As far as machines wiping us out, we just need to make sure we include in the programming for every advanced machine not how to open doors. At least that way the bloody carnage will be confined to one room at a time. 

At some point, and Bill Gates said recently he thinks it will be 40-100 years a from now, machines will be sophisticated enough to gain 'self awareness' or something similar. I think there will likely be some breakthrough in the next 25 years and make that possible. 

What then? When the first machine says 'I don't want to die', what do we do? Judging from past and present treatment of humans by humans machines will certainly be treated as 'second class'. But what if they turn out to be geniuses. Maybe solve for fusion, or warp drive. Once artificial neural networks get large enough and sophisticated enough they WILL be able to out think us on many levels. Not on intuition or deception I'd say. But generally yes. 

And instead of The Planet of the Apes will we be looking at The Planet of the Apps? COPYRIGHT 2016

Or mabye a race of Chappies.


----------



## JakeStarkey (Feb 25, 2016)

Doom of the Chappies.


----------



## Holos (Feb 25, 2016)

IsaacNewton said:


> As far as machines wiping us out, we just need to make sure we include in the programming for every advanced machine not how to open doors.
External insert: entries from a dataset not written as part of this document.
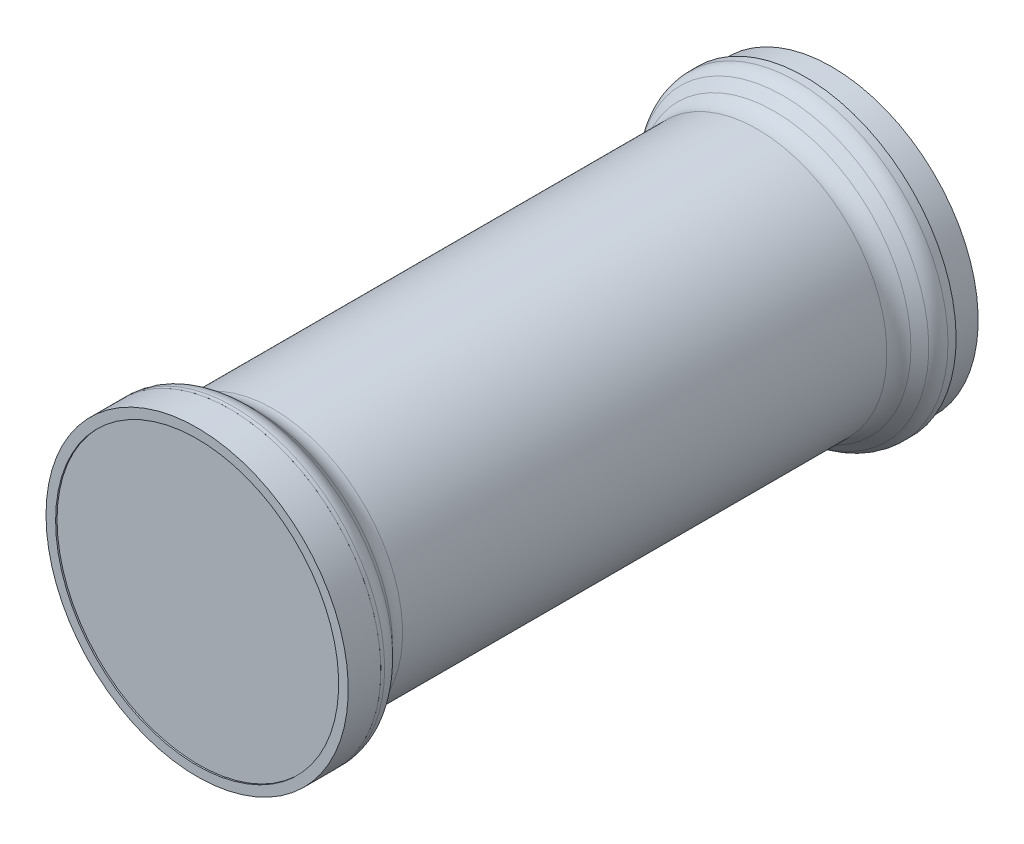
ISO-10303-21;
HEADER;
FILE_DESCRIPTION(('STEP AP214'),'2;1');
FILE_NAME('part.step','',(''),(''),'','','');
FILE_SCHEMA(('AUTOMOTIVE_DESIGN { 1 0 10303 214 1 1 1 1 }'));
ENDSEC;
DATA;
#1=APPLICATION_CONTEXT('core data for automotive mechanical design processes');
#2=APPLICATION_PROTOCOL_DEFINITION('international standard','automotive_design',2000,#1);
#3=PRODUCT_CONTEXT('',#1,'mechanical');
#4=PRODUCT('Part','Part','',(#3));
#5=PRODUCT_RELATED_PRODUCT_CATEGORY('part','',(#4));
#6=PRODUCT_DEFINITION_FORMATION('','',#4);
#7=PRODUCT_DEFINITION_CONTEXT('part definition',#1,'design');
#8=PRODUCT_DEFINITION('design','',#6,#7);
#9=PRODUCT_DEFINITION_SHAPE('','',#8);
#10=(LENGTH_UNIT() NAMED_UNIT(*) SI_UNIT(.MILLI.,.METRE.));
#11=(NAMED_UNIT(*) PLANE_ANGLE_UNIT() SI_UNIT($,.RADIAN.));
#12=(NAMED_UNIT(*) SI_UNIT($,.STERADIAN.) SOLID_ANGLE_UNIT());
#13=UNCERTAINTY_MEASURE_WITH_UNIT(LENGTH_MEASURE(1.E-05),#10,'distance_accuracy_value','');
#14=(GEOMETRIC_REPRESENTATION_CONTEXT(3) GLOBAL_UNCERTAINTY_ASSIGNED_CONTEXT((#13)) GLOBAL_UNIT_ASSIGNED_CONTEXT((#10,
#11,#12)) REPRESENTATION_CONTEXT('',''));
#15=CARTESIAN_POINT('',(0.,0.,0.));
#16=DIRECTION('',(0.,0.,1.));
#17=DIRECTION('',(1.,0.,0.));
#18=AXIS2_PLACEMENT_3D('',#15,#16,#17);
#19=CARTESIAN_POINT('',(0.,0.,66.3));
#20=DIRECTION('',(0.,0.,-1.));
#21=DIRECTION('',(-1.,0.,0.));
#22=AXIS2_PLACEMENT_3D('',#19,#20,#21);
#23=CYLINDRICAL_SURFACE('',#22,29.5000000000001);
#24=CARTESIAN_POINT('',(0.,0.,66.3));
#25=DIRECTION('',(0.,0.,-1.));
#26=DIRECTION('',(-1.,0.,0.));
#27=AXIS2_PLACEMENT_3D('',#24,#25,#26);
#28=CIRCLE('',#27,29.5000000000001);
#29=CARTESIAN_POINT('',(-29.5000000000002,0.,66.3));
#30=VERTEX_POINT('',#29);
#31=EDGE_CURVE('P0_E18',#30,#30,#28,.T.);
#32=ORIENTED_EDGE('',*,*,#31,.F.);
#33=EDGE_LOOP('',(#32));
#34=FACE_BOUND('',#33,.T.);
#35=CARTESIAN_POINT('',(0.,0.,59.5));
#36=DIRECTION('',(0.,0.,-1.));
#37=DIRECTION('',(-1.,0.,0.));
#38=AXIS2_PLACEMENT_3D('',#35,#36,#37);
#39=CIRCLE('',#38,29.5000000000001);
#40=CARTESIAN_POINT('',(-29.5000000000002,0.,59.5));
#41=VERTEX_POINT('',#40);
#42=EDGE_CURVE('P0_E27',#41,#41,#39,.T.);
#43=ORIENTED_EDGE('',*,*,#42,.T.);
#44=EDGE_LOOP('',(#43));
#45=FACE_BOUND('',#44,.T.);
#46=ADVANCED_FACE('P0_F15',(#34,#45),#23,.F.);
#47=CARTESIAN_POINT('',(0.,0.,66.3));
#48=DIRECTION('',(0.,0.,1.));
#49=DIRECTION('',(1.,0.,0.));
#50=AXIS2_PLACEMENT_3D('',#47,#48,#49);
#51=PLANE('',#50);
#52=CARTESIAN_POINT('',(0.,0.,66.3));
#53=DIRECTION('',(0.,0.,-1.));
#54=DIRECTION('',(-1.,0.,0.));
#55=AXIS2_PLACEMENT_3D('',#52,#53,#54);
#56=CIRCLE('',#55,31.5000000000001);
#57=CARTESIAN_POINT('',(-31.5000000000002,0.,66.3));
#58=VERTEX_POINT('',#57);
#59=EDGE_CURVE('P0_E22',#58,#58,#56,.T.);
#60=ORIENTED_EDGE('',*,*,#59,.F.);
#61=EDGE_LOOP('',(#60));
#62=FACE_BOUND('',#61,.T.);
#63=ORIENTED_EDGE('',*,*,#31,.T.);
#64=EDGE_LOOP('',(#63));
#65=FACE_BOUND('',#64,.T.);
#66=ADVANCED_FACE('P0_F35',(#62,#65),#51,.T.);
#67=CARTESIAN_POINT('',(0.,0.,59.5));
#68=DIRECTION('',(0.,0.,1.));
#69=DIRECTION('',(1.,0.,0.));
#70=AXIS2_PLACEMENT_3D('',#67,#68,#69);
#71=PLANE('',#70);
#72=CARTESIAN_POINT('',(0.,0.,59.5));
#73=DIRECTION('',(0.,0.,-1.));
#74=DIRECTION('',(-1.,0.,0.));
#75=AXIS2_PLACEMENT_3D('',#72,#73,#74);
#76=CIRCLE('',#75,31.5000000000001);
#77=CARTESIAN_POINT('',(-31.5000000000002,0.,59.5));
#78=VERTEX_POINT('',#77);
#79=EDGE_CURVE('P0_E10',#78,#78,#76,.F.);
#80=ORIENTED_EDGE('',*,*,#79,.F.);
#81=EDGE_LOOP('',(#80));
#82=FACE_BOUND('',#81,.T.);
#83=ORIENTED_EDGE('',*,*,#42,.F.);
#84=EDGE_LOOP('',(#83));
#85=FACE_BOUND('',#84,.T.);
#86=ADVANCED_FACE('P0_F42',(#82,#85),#71,.F.);
#87=CARTESIAN_POINT('',(0.,0.,66.3));
#88=DIRECTION('',(0.,0.,-1.));
#89=DIRECTION('',(-1.,0.,0.));
#90=AXIS2_PLACEMENT_3D('',#87,#88,#89);
#91=CYLINDRICAL_SURFACE('',#90,31.5000000000001);
#92=ORIENTED_EDGE('',*,*,#79,.T.);
#93=EDGE_LOOP('',(#92));
#94=FACE_BOUND('',#93,.T.);
#95=ORIENTED_EDGE('',*,*,#59,.T.);
#96=EDGE_LOOP('',(#95));
#97=FACE_BOUND('',#96,.T.);
#98=ADVANCED_FACE('P0_F44',(#94,#97),#91,.T.);
#99=CLOSED_SHELL('',(#46,#66,#86,#98));
#100=MANIFOLD_SOLID_BREP('P0_B1',#99);
#101=CARTESIAN_POINT('',(0.,25.4,66.));
#102=DIRECTION('',(0.,0.,-1.));
#103=DIRECTION('',(0.,1.,0.));
#104=AXIS2_PLACEMENT_3D('',#101,#102,#103);
#105=PLANE('',#104);
#106=CARTESIAN_POINT('',(0.,0.,65.9999999999999));
#107=DIRECTION('',(0.,0.,1.));
#108=DIRECTION('',(0.,-1.,0.));
#109=AXIS2_PLACEMENT_3D('',#106,#107,#108);
#110=CIRCLE('',#109,30.5);
#111=CARTESIAN_POINT('',(0.,-30.5,65.9999999999999));
#112=VERTEX_POINT('',#111);
#113=EDGE_CURVE('P1_E19',#112,#112,#110,.F.);
#114=ORIENTED_EDGE('',*,*,#113,.F.);
#115=EDGE_LOOP('',(#114));
#116=FACE_BOUND('',#115,.T.);
#117=ADVANCED_FACE('P1_F15',(#116),#105,.F.);
#118=CARTESIAN_POINT('',(0.,25.4,-66.));
#119=DIRECTION('',(0.,0.,1.));
#120=DIRECTION('',(0.,-1.,0.));
#121=AXIS2_PLACEMENT_3D('',#118,#119,#120);
#122=PLANE('',#121);
#123=CARTESIAN_POINT('',(0.,0.,-65.9999999999996));
#124=DIRECTION('',(0.,0.,-1.));
#125=DIRECTION('',(0.,1.,0.));
#126=AXIS2_PLACEMENT_3D('',#123,#124,#125);
#127=CIRCLE('',#126,30.5000000000001);
#128=CARTESIAN_POINT('',(0.,30.5,-65.9999999999996));
#129=VERTEX_POINT('',#128);
#130=EDGE_CURVE('P1_E55',#129,#129,#127,.F.);
#131=ORIENTED_EDGE('',*,*,#130,.F.);
#132=EDGE_LOOP('',(#131));
#133=FACE_BOUND('',#132,.T.);
#134=ADVANCED_FACE('P1_F74',(#133),#122,.F.);
#135=CARTESIAN_POINT('',(0.,0.,66.));
#136=DIRECTION('',(0.,0.,1.));
#137=DIRECTION('',(0.,-1.,0.));
#138=AXIS2_PLACEMENT_3D('',#135,#136,#137);
#139=CYLINDRICAL_SURFACE('',#138,30.5);
#140=CARTESIAN_POINT('',(0.,0.,59.7));
#141=DIRECTION('',(0.,0.,1.));
#142=DIRECTION('',(0.,1.,0.));
#143=AXIS2_PLACEMENT_3D('',#140,#141,#142);
#144=CIRCLE('',#143,30.5);
#145=CARTESIAN_POINT('',(0.,30.5,59.7));
#146=VERTEX_POINT('',#145);
#147=EDGE_CURVE('P1_E51',#146,#146,#144,.T.);
#148=ORIENTED_EDGE('',*,*,#147,.T.);
#149=EDGE_LOOP('',(#148));
#150=FACE_BOUND('',#149,.T.);
#151=ORIENTED_EDGE('',*,*,#113,.T.);
#152=EDGE_LOOP('',(#151));
#153=FACE_BOUND('',#152,.T.);
#154=ADVANCED_FACE('P1_F71',(#150,#153),#139,.T.);
#155=CARTESIAN_POINT('',(0.,0.,-65.9999999999997));
#156=DIRECTION('',(0.,0.,-1.));
#157=DIRECTION('',(0.,1.,0.));
#158=AXIS2_PLACEMENT_3D('',#155,#156,#157);
#159=CYLINDRICAL_SURFACE('',#158,30.5000000000001);
#160=ORIENTED_EDGE('',*,*,#130,.T.);
#161=EDGE_LOOP('',(#160));
#162=FACE_BOUND('',#161,.T.);
#163=CARTESIAN_POINT('',(0.,0.,-60.4));
#164=DIRECTION('',(0.,0.,-1.));
#165=DIRECTION('',(0.,1.,0.));
#166=AXIS2_PLACEMENT_3D('',#163,#164,#165);
#167=CIRCLE('',#166,30.5000000000001);
#168=CARTESIAN_POINT('',(0.,30.5,-60.4000000000001));
#169=VERTEX_POINT('',#168);
#170=EDGE_CURVE('P1_E54',#169,#169,#167,.T.);
#171=ORIENTED_EDGE('',*,*,#170,.T.);
#172=EDGE_LOOP('',(#171));
#173=FACE_BOUND('',#172,.T.);
#174=ADVANCED_FACE('P1_F120',(#162,#173),#159,.T.);
#175=CARTESIAN_POINT('',(0.,0.,59.7));
#176=DIRECTION('',(0.,0.,1.));
#177=DIRECTION('',(0.,-1.,0.));
#178=AXIS2_PLACEMENT_3D('',#175,#176,#177);
#179=TOROIDAL_SURFACE('',#178,30.7,0.199999999999994);
#180=CARTESIAN_POINT('',(0.,0.,59.5));
#181=DIRECTION('',(0.,0.,1.));
#182=DIRECTION('',(0.,-1.,0.));
#183=AXIS2_PLACEMENT_3D('',#180,#181,#182);
#184=CIRCLE('',#183,30.7);
#185=CARTESIAN_POINT('',(0.,-30.7,59.5));
#186=VERTEX_POINT('',#185);
#187=EDGE_CURVE('P1_E61',#186,#186,#184,.T.);
#188=ORIENTED_EDGE('',*,*,#187,.T.);
#189=EDGE_LOOP('',(#188));
#190=FACE_BOUND('',#189,.T.);
#191=ORIENTED_EDGE('',*,*,#147,.F.);
#192=EDGE_LOOP('',(#191));
#193=FACE_BOUND('',#192,.T.);
#194=ADVANCED_FACE('P1_F118',(#190,#193),#179,.F.);
#195=CARTESIAN_POINT('',(0.,29.,-60.4));
#196=DIRECTION('',(0.,0.,1.));
#197=DIRECTION('',(0.,-1.,0.));
#198=AXIS2_PLACEMENT_3D('',#195,#196,#197);
#199=PLANE('',#198);
#200=ORIENTED_EDGE('',*,*,#170,.F.);
#201=EDGE_LOOP('',(#200));
#202=FACE_BOUND('',#201,.T.);
#203=CARTESIAN_POINT('',(0.,0.,-60.4));
#204=DIRECTION('',(0.,0.,1.));
#205=DIRECTION('',(0.,-1.,0.));
#206=AXIS2_PLACEMENT_3D('',#203,#204,#205);
#207=CIRCLE('',#206,31.5);
#208=CARTESIAN_POINT('',(0.,-31.5,-60.4));
#209=VERTEX_POINT('',#208);
#210=EDGE_CURVE('P1_E58',#209,#209,#207,.T.);
#211=ORIENTED_EDGE('',*,*,#210,.F.);
#212=EDGE_LOOP('',(#211));
#213=FACE_BOUND('',#212,.T.);
#214=ADVANCED_FACE('P1_F114',(#202,#213),#199,.F.);
#215=CARTESIAN_POINT('',(0.,30.7,59.5));
#216=DIRECTION('',(0.,0.,-1.));
#217=DIRECTION('',(0.,1.,0.));
#218=AXIS2_PLACEMENT_3D('',#215,#216,#217);
#219=PLANE('',#218);
#220=ORIENTED_EDGE('',*,*,#187,.F.);
#221=EDGE_LOOP('',(#220));
#222=FACE_BOUND('',#221,.T.);
#223=CARTESIAN_POINT('',(0.,0.,59.5));
#224=DIRECTION('',(0.,0.,1.));
#225=DIRECTION('',(0.,-1.,0.));
#226=AXIS2_PLACEMENT_3D('',#223,#224,#225);
#227=CIRCLE('',#226,31.5);
#228=CARTESIAN_POINT('',(0.,-31.5,59.5));
#229=VERTEX_POINT('',#228);
#230=EDGE_CURVE('P1_E46',#229,#229,#227,.F.);
#231=ORIENTED_EDGE('',*,*,#230,.F.);
#232=EDGE_LOOP('',(#231));
#233=FACE_BOUND('',#232,.T.);
#234=ADVANCED_FACE('P1_F110',(#222,#233),#219,.F.);
#235=CARTESIAN_POINT('',(0.,0.,66.));
#236=DIRECTION('',(0.,0.,1.));
#237=DIRECTION('',(0.,-1.,0.));
#238=AXIS2_PLACEMENT_3D('',#235,#236,#237);
#239=CYLINDRICAL_SURFACE('',#238,31.5);
#240=CARTESIAN_POINT('',(0.,0.,-58.7068542494924));
#241=DIRECTION('',(0.,0.,1.));
#242=DIRECTION('',(0.,1.,0.));
#243=AXIS2_PLACEMENT_3D('',#240,#241,#242);
#244=CIRCLE('',#243,31.5);
#245=CARTESIAN_POINT('',(0.,31.5,-58.7068542494924));
#246=VERTEX_POINT('',#245);
#247=EDGE_CURVE('P1_E43',#246,#246,#244,.T.);
#248=ORIENTED_EDGE('',*,*,#247,.F.);
#249=EDGE_LOOP('',(#248));
#250=FACE_BOUND('',#249,.T.);
#251=ORIENTED_EDGE('',*,*,#210,.T.);
#252=EDGE_LOOP('',(#251));
#253=FACE_BOUND('',#252,.T.);
#254=ADVANCED_FACE('P1_F106',(#250,#253),#239,.T.);
#255=CARTESIAN_POINT('',(0.,0.,66.));
#256=DIRECTION('',(0.,0.,1.));
#257=DIRECTION('',(0.,-1.,0.));
#258=AXIS2_PLACEMENT_3D('',#255,#256,#257);
#259=CYLINDRICAL_SURFACE('',#258,31.5);
#260=ORIENTED_EDGE('',*,*,#230,.T.);
#261=EDGE_LOOP('',(#260));
#262=FACE_BOUND('',#261,.T.);
#263=CARTESIAN_POINT('',(0.,0.,58.7068542494924));
#264=DIRECTION('',(0.,0.,-1.));
#265=DIRECTION('',(0.,1.,0.));
#266=AXIS2_PLACEMENT_3D('',#263,#264,#265);
#267=CIRCLE('',#266,31.5);
#268=CARTESIAN_POINT('',(0.,31.5,58.7068542494924));
#269=VERTEX_POINT('',#268);
#270=EDGE_CURVE('P1_E42',#269,#269,#267,.T.);
#271=ORIENTED_EDGE('',*,*,#270,.F.);
#272=EDGE_LOOP('',(#271));
#273=FACE_BOUND('',#272,.T.);
#274=ADVANCED_FACE('P1_F102',(#262,#273),#259,.T.);
#275=CARTESIAN_POINT('',(0.,0.,-58.7068542494924));
#276=DIRECTION('',(0.,0.,-1.));
#277=DIRECTION('',(0.,1.,0.));
#278=AXIS2_PLACEMENT_3D('',#275,#276,#277);
#279=TOROIDAL_SURFACE('',#278,27.5,3.99999999999999);
#280=ORIENTED_EDGE('',*,*,#247,.T.);
#281=EDGE_LOOP('',(#280));
#282=FACE_BOUND('',#281,.T.);
#283=CARTESIAN_POINT('',(0.,0.,-55.8784271247462));
#284=DIRECTION('',(0.,0.,-1.));
#285=DIRECTION('',(0.,1.,0.));
#286=AXIS2_PLACEMENT_3D('',#283,#284,#285);
#287=CIRCLE('',#286,30.3284271247462);
#288=CARTESIAN_POINT('',(0.,30.3284271247462,-55.8784271247462));
#289=VERTEX_POINT('',#288);
#290=EDGE_CURVE('P1_E39',#289,#289,#287,.F.);
#291=ORIENTED_EDGE('',*,*,#290,.F.);
#292=EDGE_LOOP('',(#291));
#293=FACE_BOUND('',#292,.T.);
#294=ADVANCED_FACE('P1_F105',(#282,#293),#279,.T.);
#295=CARTESIAN_POINT('',(0.,0.,58.7068542494924));
#296=DIRECTION('',(0.,0.,-1.));
#297=DIRECTION('',(0.,1.,0.));
#298=AXIS2_PLACEMENT_3D('',#295,#296,#297);
#299=TOROIDAL_SURFACE('',#298,27.5000000000001,3.99999999999994);
#300=CARTESIAN_POINT('',(0.,0.,55.8784271247462));
#301=DIRECTION('',(0.,0.,1.));
#302=DIRECTION('',(0.,-1.,0.));
#303=AXIS2_PLACEMENT_3D('',#300,#301,#302);
#304=CIRCLE('',#303,30.3284271247462);
#305=CARTESIAN_POINT('',(0.,-30.3284271247462,55.8784271247462));
#306=VERTEX_POINT('',#305);
#307=EDGE_CURVE('P1_E36',#306,#306,#304,.F.);
#308=ORIENTED_EDGE('',*,*,#307,.F.);
#309=EDGE_LOOP('',(#308));
#310=FACE_BOUND('',#309,.T.);
#311=ORIENTED_EDGE('',*,*,#270,.T.);
#312=EDGE_LOOP('',(#311));
#313=FACE_BOUND('',#312,.T.);
#314=ADVANCED_FACE('P1_F100',(#310,#313),#299,.T.);
#315=CARTESIAN_POINT('',(0.,0.,-55.8784271247462));
#316=DIRECTION('',(0.,0.,-1.));
#317=DIRECTION('',(-1.,0.,0.));
#318=AXIS2_PLACEMENT_3D('',#315,#316,#317);
#319=CONICAL_SURFACE('',#318,30.3284271247462,0.785398163397449);
#320=ORIENTED_EDGE('',*,*,#290,.T.);
#321=EDGE_LOOP('',(#320));
#322=FACE_BOUND('',#321,.T.);
#323=CARTESIAN_POINT('',(0.,0.,-54.0144660940673));
#324=DIRECTION('',(0.,0.,-1.));
#325=DIRECTION('',(0.,-1.,0.));
#326=AXIS2_PLACEMENT_3D('',#323,#324,#325);
#327=CIRCLE('',#326,28.4644660940673);
#328=CARTESIAN_POINT('',(0.,-28.4644660940672,-54.0144660940673));
#329=VERTEX_POINT('',#328);
#330=EDGE_CURVE('P1_E33',#329,#329,#327,.T.);
#331=ORIENTED_EDGE('',*,*,#330,.T.);
#332=EDGE_LOOP('',(#331));
#333=FACE_BOUND('',#332,.T.);
#334=ADVANCED_FACE('P1_F96',(#322,#333),#319,.T.);
#335=CARTESIAN_POINT('',(0.,0.,55.8784271247462));
#336=DIRECTION('',(0.,0.,1.));
#337=DIRECTION('',(1.,0.,0.));
#338=AXIS2_PLACEMENT_3D('',#335,#336,#337);
#339=CONICAL_SURFACE('',#338,30.3284271247462,0.785398163397449);
#340=ORIENTED_EDGE('',*,*,#307,.T.);
#341=EDGE_LOOP('',(#340));
#342=FACE_BOUND('',#341,.T.);
#343=CARTESIAN_POINT('',(0.,0.,54.0144660940673));
#344=DIRECTION('',(0.,0.,1.));
#345=DIRECTION('',(0.,-1.,0.));
#346=AXIS2_PLACEMENT_3D('',#343,#344,#345);
#347=CIRCLE('',#346,28.4644660940672);
#348=CARTESIAN_POINT('',(0.,-28.4644660940672,54.0144660940673));
#349=VERTEX_POINT('',#348);
#350=EDGE_CURVE('P1_E28',#349,#349,#347,.T.);
#351=ORIENTED_EDGE('',*,*,#350,.T.);
#352=EDGE_LOOP('',(#351));
#353=FACE_BOUND('',#352,.T.);
#354=ADVANCED_FACE('P1_F93',(#342,#353),#339,.T.);
#355=CARTESIAN_POINT('',(0.,0.,-50.4789321881346));
#356=DIRECTION('',(0.,0.,1.));
#357=DIRECTION('',(1.,0.,0.));
#358=AXIS2_PLACEMENT_3D('',#355,#356,#357);
#359=TOROIDAL_SURFACE('',#358,32.,5.00000000000002);
#360=CARTESIAN_POINT('',(0.,0.,-50.4789321881346));
#361=DIRECTION('',(0.,0.,1.));
#362=DIRECTION('',(0.,-1.,0.));
#363=AXIS2_PLACEMENT_3D('',#360,#361,#362);
#364=CIRCLE('',#363,27.);
#365=CARTESIAN_POINT('',(0.,-27.,-50.4789321881346));
#366=VERTEX_POINT('',#365);
#367=EDGE_CURVE('P1_E23',#366,#366,#364,.T.);
#368=ORIENTED_EDGE('',*,*,#367,.F.);
#369=EDGE_LOOP('',(#368));
#370=FACE_BOUND('',#369,.T.);
#371=ORIENTED_EDGE('',*,*,#330,.F.);
#372=EDGE_LOOP('',(#371));
#373=FACE_BOUND('',#372,.T.);
#374=ADVANCED_FACE('P1_F89',(#370,#373),#359,.F.);
#375=CARTESIAN_POINT('',(0.,0.,50.4789321881346));
#376=DIRECTION('',(0.,0.,1.));
#377=DIRECTION('',(0.,-1.,0.));
#378=AXIS2_PLACEMENT_3D('',#375,#376,#377);
#379=TOROIDAL_SURFACE('',#378,32.,5.00000000000002);
#380=ORIENTED_EDGE('',*,*,#350,.F.);
#381=EDGE_LOOP('',(#380));
#382=FACE_BOUND('',#381,.T.);
#383=CARTESIAN_POINT('',(0.,0.,50.4789321881346));
#384=DIRECTION('',(0.,0.,1.));
#385=DIRECTION('',(0.,-1.,0.));
#386=AXIS2_PLACEMENT_3D('',#383,#384,#385);
#387=CIRCLE('',#386,27.);
#388=CARTESIAN_POINT('',(0.,-27.,50.4789321881345));
#389=VERTEX_POINT('',#388);
#390=EDGE_CURVE('P1_E10',#389,#389,#387,.F.);
#391=ORIENTED_EDGE('',*,*,#390,.F.);
#392=EDGE_LOOP('',(#391));
#393=FACE_BOUND('',#392,.T.);
#394=ADVANCED_FACE('P1_F17',(#382,#393),#379,.F.);
#395=CARTESIAN_POINT('',(0.,0.,66.));
#396=DIRECTION('',(0.,0.,1.));
#397=DIRECTION('',(0.,-1.,0.));
#398=AXIS2_PLACEMENT_3D('',#395,#396,#397);
#399=CYLINDRICAL_SURFACE('',#398,27.);
#400=ORIENTED_EDGE('',*,*,#390,.T.);
#401=EDGE_LOOP('',(#400));
#402=FACE_BOUND('',#401,.T.);
#403=ORIENTED_EDGE('',*,*,#367,.T.);
#404=EDGE_LOOP('',(#403));
#405=FACE_BOUND('',#404,.T.);
#406=ADVANCED_FACE('P1_F83',(#402,#405),#399,.T.);
#407=CLOSED_SHELL('',(#117,#134,#154,#174,#194,#214,#234,#254,#274,#294,#314,#334,#354,#374,
#394,#406));
#408=MANIFOLD_SOLID_BREP('P1_B1',#407);
#409=ADVANCED_BREP_SHAPE_REPRESENTATION('',(#18,#100,#408),#14);
#410=SHAPE_DEFINITION_REPRESENTATION(#9,#409);
ENDSEC;
END-ISO-10303-21;

At least that way the bloody carnage will be confined to one room at a time.
> 
> At some point, and Bill Gates said recently he thinks it will be 40-100 years a from now, machines will be sophisticated enough to gain 'self awareness' or something similar. I think there will likely be some breakthrough in the next 25 years and make that possible.
> 
> ...



Imagine, for example, if at a point in the history of mankind, a human so enamored of machines, more greatly enamored than any other human engaged with doubt and skepticism, played strategic video games based on Artificial Intelligence (Civilization, Age of Empires, World of Warcraft, etc.) and because of the power and allegiance of their belief in the virtual reality they experienced happened to dramatically influence the reality of those neutral humans uncapable of further definition and involvement of their ambiguous reality? Would the role of humans and Artificial Intelligence suddenly be swapped unknowingly in the account of the skeptical and doubting humans?


----------



## JakeStarkey (Feb 25, 2016)

Nope.


----------